In November 1979 Gorbachev was promoted Candidate Member of the Politburo, then less than a year later, he was made Full Member of Politbureau, the highest rank in the Communist Party which gave him unlimited direct access to Brezhnev and Andropov. The latter also promoted Gorbachev to sub for him at several Politburo meetings, and gave him a huge power in decision-making. Gorbachev developed a personal friendship with another Politburo member, Eduard Shevardnadze, and the two were vacationing together at the prestigious Black sea resort of Pitsunda. At that time the invasion of Afghanistan, ordered by senile Brezhnev in 1979, seriously undermined international credibility of the Soviet Union. Andrei Sakharov wrote an open letter to Brezhnev calling for a stop to the war. 50 nations boycotted the 1980 Olympics in Moscow. Crackdown on intellectual freedom and human rights included the use of psychiatric terror, arrests, and the exile of dissidents. The head of the KGB Yuri Andropov declared Andrei Sakharov the "enemy No. 1." Sakharov was forcefully exiled from Moscow to the militarized 'closed' city of Gorky. He was placed under tight surveillance and restricted from any contacts. His wife was also under tight surveillance. By his 70th birthday Brezhnev's health declined dramatically; but he made himself a Generalissimus Marshal of the Soviet Union, similar to that of Joseph Stalin. Brezhnev accepted over 200 decorations and awards, including awards from all pro-Soviet governments, except China. Brezhnev accepted countless expensive gifts and amassed a collection of vintage cars and other bribes. His personal vanity and behavior was replicated at all levels of the Communist Party and led to massive corruption. The old Brezhnev lost his acting abilities and couldn't even read the script. Massive disillusionment was reflected in cynical jokes about the Soviet life. The ugly reality in the Soviet Union was reflected in its senile leader. Gorbachev saw that outdated economic and political system in the Soviet Union was doomed, but propaganda was still brainwashing the minds of millions, because it was controlled by the privileged few top communists who lived in denial of the big reality.
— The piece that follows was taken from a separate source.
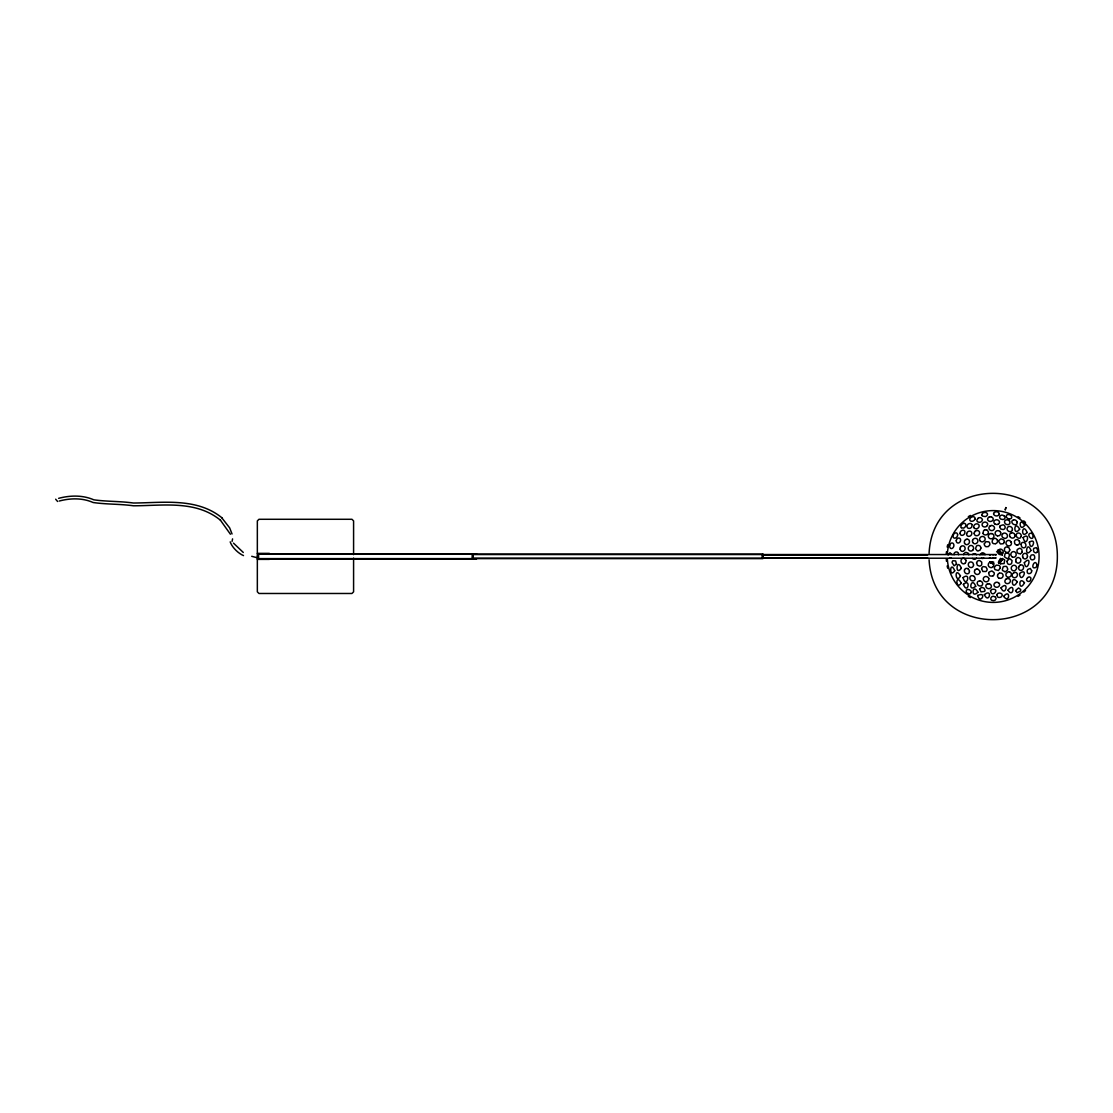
<?xml version="1.0" encoding="UTF-8"?>
<svg xmlns="http://www.w3.org/2000/svg" width="1113" height="1113" viewBox="0 0 1113 1113"><rect width="100%" height="100%" fill="white"/><g stroke="black" fill="none" stroke-linecap="round" stroke-linejoin="round"><path stroke-width="1.5" d="M1014.945 535.896L1014.945 535.59A2.796 2.56 45 0 0 1014.666 534.323M232.575 538.873L232.074 541.419M954.036 554.858C953.354 551.13 959.239 550.74 958.585 554.747M988.65 573.278L989.318 575.31A2.81 2.671 10.2 0 0 990.083 575.922L992.295 576.144A2.796 2.671 1.5 0 0 993.158 575.713M997.735 551.881L997.916 550.921A2.81 2.783 39.2 0 1 998.625 549.864C1001.672 546.914 1005.609 552.938 1001.603 554.511A2.796 2.783 76.9 0 1 1000.337 554.719L998.848 554.135M929.091 553.244C933.028 471.286 1057.559 474.444 1057.35 556.5C1057.559 638.556 933.028 641.714 929.091 559.756M974.195 533.28L974.543 532.097M979.871 572.068L979.83 572.36A2.796 2.616 39.2 0 1 978.104 574.336L977.478 574.447A2.796 2.588 42.1 0 1 976.546 574.336L976.31 574.252A2.81 2.588 45 0 1 975.419 573.71L975.252 573.543A2.81 2.588 47.9 0 1 974.668 572.652L974.557 572.36A2.81 2.588 50.8 0 1 974.445 571.414L974.557 570.802A2.81 2.616 53.7 0 1 975.169 569.745L975.35 569.592M999.21 513.997L999.182 514.248A2.81 2.115 7.3 0 1 997.415 515.792L997.109 515.876A2.796 2.156 4.4 0 1 995.509 515.778L995.245 515.681A2.796 2.156 1.5 0 1 993.617 513.636M1012.413 529.83L1012.357 528.633A2.908 2.476 33.4 0 0 1011.522 527.27L1010.994 526.88A2.769 2.365 30.7 0 0 1010.103 526.505L1009.783 526.449A2.783 2.365 27.6 0 0 1008.03 526.839L1007.098 528.244A2.949 2.588 27.6 0 0 1007.39 530.025L1007.766 530.553A2.769 2.463 30.5 0 0 1008.809 531.346L1009.101 531.471A2.685 2.393 33.4 0 0 1010.048 531.638L1010.66 531.583A2.769 2.421 36.3 0 0 1012.385 529.871M1018.59 567.24L1018.548 567.56A2.81 2.421 -65.3 0 0 1018.757 568.854L1018.812 569.091A2.81 2.463 -62.4 0 0 1021.219 570.371L1021.79 570.204A2.81 2.421 -65.3 0 0 1022.805 569.466L1023 569.216A2.81 2.421 -68.2 0 0 1023.515 568.02L1023.57 567.7A2.81 2.421 -71.1 0 0 1023.306 566.169L1023.167 565.919A2.796 2.449 -74 0 0 1020.635 564.973L1020.398 565.042M988.692 573.07L988.692 573.07A2.81 2.713 16 0 1 989.067 572.096L991.878 570.899L994.062 572.611A2.81 2.713 -4.4 0 1 994.257 573.543L994.09 574.475A2.769 2.657 -1.5 0 1 993.631 575.282L993.186 575.699M1004.19 542.268L1004.149 540.737A2.796 2.671 33.4 0 0 1003.62 539.805L1001.004 538.803L998.876 540.501A2.81 2.713 18.9 0 0 998.723 541.433L1000.42 543.979L1003.175 543.728A2.81 2.713 39.2 0 0 1003.843 543.061L1004.121 542.504M1015.668 559.95L1016.113 558.782A2.796 2.532 -85.6 0 1 1016.823 558.086L1017.56 557.641A2.81 2.588 -88.5 0 1 1018.451 557.543L1020.051 558.309A2.796 2.532 -85.6 0 1 1020.565 559.102L1020.677 559.394A2.81 2.532 -82.7 0 1 1020.774 560.688L1020.718 561.008A2.796 2.532 -79.8 0 1 1020.329 561.898L1020.148 562.148A2.796 2.532 -76.9 0 1 1019.438 562.775L1018.632 563.095A2.796 2.56 -74 0 1 1016.614 562.566L1016.183 562.121M972.595 540.487L972.525 540.793A2.796 2.643 -53.7 0 0 972.498 541.711L972.72 542.323M948.095 555.025L949.987 552.716L952.144 554.691M1019.508 573.765C1020.76 584.937 1029.483 566.851 1019.772 573.251M1021.943 552.159L1022.026 551.853A2.796 2.49 79.8 0 0 1022.04 550.573A2.796 2.574 76.9 0 0 1021.567 549.377L1021.372 549.196A2.81 2.588 74 0 0 1019.452 548.278L1017.421 549.432A2.81 2.588 74 0 0 1017.059 550.309A2.796 2.574 76.9 0 0 1017.045 551.589A2.796 2.574 79.8 0 0 1017.56 552.771A2.81 2.588 82.7 0 0 1018.242 553.439L1020.259 553.801M964.54 569.828L964.373 570.732A2.81 2.421 62.4 0 0 964.762 572.277A2.81 2.421 59.5 0 0 965.861 573.432L967.03 573.793A2.81 2.463 56.6 0 0 969.298 572.332L969.479 571.094M974.974 519.117L975.058 518.867A2.769 2.087 -24.6 0 0 975.071 518.115L974.946 517.74A2.769 2.087 -24.6 0 0 973.945 516.863L973.708 516.794A2.81 2.003 -27.6 0 0 971.579 517.1L971.287 517.253A2.796 2.003 -30.5 0 0 969.91 518.867L969.868 519.034A2.796 2.059 -33.4 0 0 969.993 520.355L970.119 520.564A2.796 2.115 -33.4 0 0 970.953 521.134L971.496 521.26A2.81 2.156 -30.5 0 0 973.305 520.898L974.348 520.147A2.81 2.17 -27.6 0 0 974.863 519.395L974.946 519.201M979.885 554.9L981.847 552.924A2.81 2.783 -71.1 0 1 984.282 553.453L985.158 554.705M997.624 575.004L997.874 574.433A2.796 2.685 -16 0 1 998.5 573.696L999.349 573.209M257.618 555.735L257.701 557.85M1002.34 558.434L1000.42 562.19M981.527 554.538L985.033 554.399M964.554 569.8L964.665 569.55A2.81 2.463 65.3 0 1 967.114 568.395L968.254 568.896M964.067 553.815L964.206 553.551A2.796 2.588 -82.7 0 1 965.917 552.368L968.115 553.147A2.796 2.588 -82.7 0 1 968.616 553.954L968.727 554.246A2.796 2.588 -85.6 0 1 968.839 554.886M988.567 535.033L988.72 534.769A2.81 2.616 -10.2 0 1 989.638 533.878L990.876 533.489M993.311 566.475C995.286 563.943 991.405 560.576 989.137 562.788A2.796 2.783 33.4 0 0 988.539 563.554C986.869 566.294 991.113 569.216 993.102 566.726M999.683 561.202L1000.698 559.769M1000.698 559.992L998.347 562.441L999.683 561.091M1001.603 560.215L998.89 563.025M1000.42 562.079L1001.603 560.326M965.277 563.067L965.875 561.982A2.81 2.532 79.8 0 0 965.959 560.702L965.889 560.382M976.532 558.156L976.143 558.587A2.81 2.671 82.7 0 1 972.915 558.851L972.428 558.448M1037.093 552.201L1037.233 552.02A2.81 2.017 82.7 0 0 1037.636 549.975L1036.328 547.652L1033.894 548.264A2.796 2.156 79.8 0 0 1033.476 550.323A2.81 2.17 82.7 0 0 1034.297 552.243L1035.869 552.938L1037.093 552.215M1027.661 577.591C1024.071 580.666 1030.109 583.741 1030.819 579.261A2.574 1.892 -59.5 0 0 1030.596 577.564L1029.372 576.896A2.574 1.892 -59.5 0 0 1027.73 577.633M59.253 501.031C70.397 498.081 82.445 497.775 93.144 502.519C106.472 504.453 120.023 503.911 133.393 505.789C162.721 505.761 195.721 499.974 220.388 520.161L220.527 520.008M222.127 518.227L229.64 527.854L232.047 533.99M972.4 554.594L972.873 554.163A2.796 2.685 -82.7 0 1 976.073 554.33L976.504 554.803M1005.943 579.15L1005.707 579.372A2.796 2.463 -27.6 0 0 1005.081 580.513L1004.997 580.596A2.796 2.49 -24.7 0 0 1006.305 583.421L1006.597 583.518A2.796 2.463 -27.6 0 0 1008.155 583.518L1008.461 583.421A2.796 2.463 -30.5 0 0 1009.296 582.92L1009.519 582.725A2.796 2.463 -33.4 0 0 1010.298 581.348L1010.354 581.042A2.796 2.49 -36.3 0 0 1008.67 578.579L1008.35 578.482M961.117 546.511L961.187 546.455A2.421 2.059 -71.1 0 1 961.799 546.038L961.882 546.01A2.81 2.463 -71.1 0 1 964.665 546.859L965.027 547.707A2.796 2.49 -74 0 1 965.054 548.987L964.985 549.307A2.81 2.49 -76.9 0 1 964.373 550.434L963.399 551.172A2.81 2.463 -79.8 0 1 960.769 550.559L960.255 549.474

The youngest Politburo Member, Mikhail Gorbachev, was contemplating reforms. Leonid Brezhnev died on November 10, 1982, and was succeeded by Yuri Andropov who died just 16 months later. He was replaced by Konstantin Chernenko, who died in just 13 months. In 1983 Politbureau member Rashidov committed suicide, then, in 1984 the powerful Defence Minister Ustinov died. While the Soviet Union was in a dying mode, the real world was rapidly growing into computer age that reshaped global community. The rigid Soviet System was incompatible with the constantly innovating world. USSR failed to respond to rapidly changing reality and alienated forward-thinking people even in the pro-Soviet countries. During the early 1980s Soviet Politbureau was torn between two viciously fighting groups of Communists, one was made of the old hard-liners led by Andrei Gromyko, the apprentice of Joseph Stalin. The other, pro-democracy group, was made of the forward-thinking members of the Politbureau who chose Gorbachev as their leader along with Aleksandr Yakovlev who was the brain behind Gorbachev's moves. With Gorbachev's support Yakovlev managed to change all hard-liners in the Soviet media and propaganda system. In March 1985 Gorbachev was made the Secretary General of the Communist Party of the Soviet Union, becoming the first Soviet leader to have been born after the disastrous Russian Revolution of 1917. He announced reforms called 'perestroika' (aka.. restructuring) and 'glasnost' (aka.. opening up), and lifted the walls of propaganda and denial. However, Gorbachev's first reform on regulations related to manufacturing and trade of alcohol became an economic disaster, causing a serious economic damage to the Soviet Union's State budget with annual losses exceeding tens of billions of dollars. Although his reforms were supported by public, many communist hard-liners openly opposed Gorbachev. Eventually, by the late 1980s Gorbachev's push for economic liberalization resulted in emergence of co-operatives and other forms of independent businesses, making the movement to freedom irreversible.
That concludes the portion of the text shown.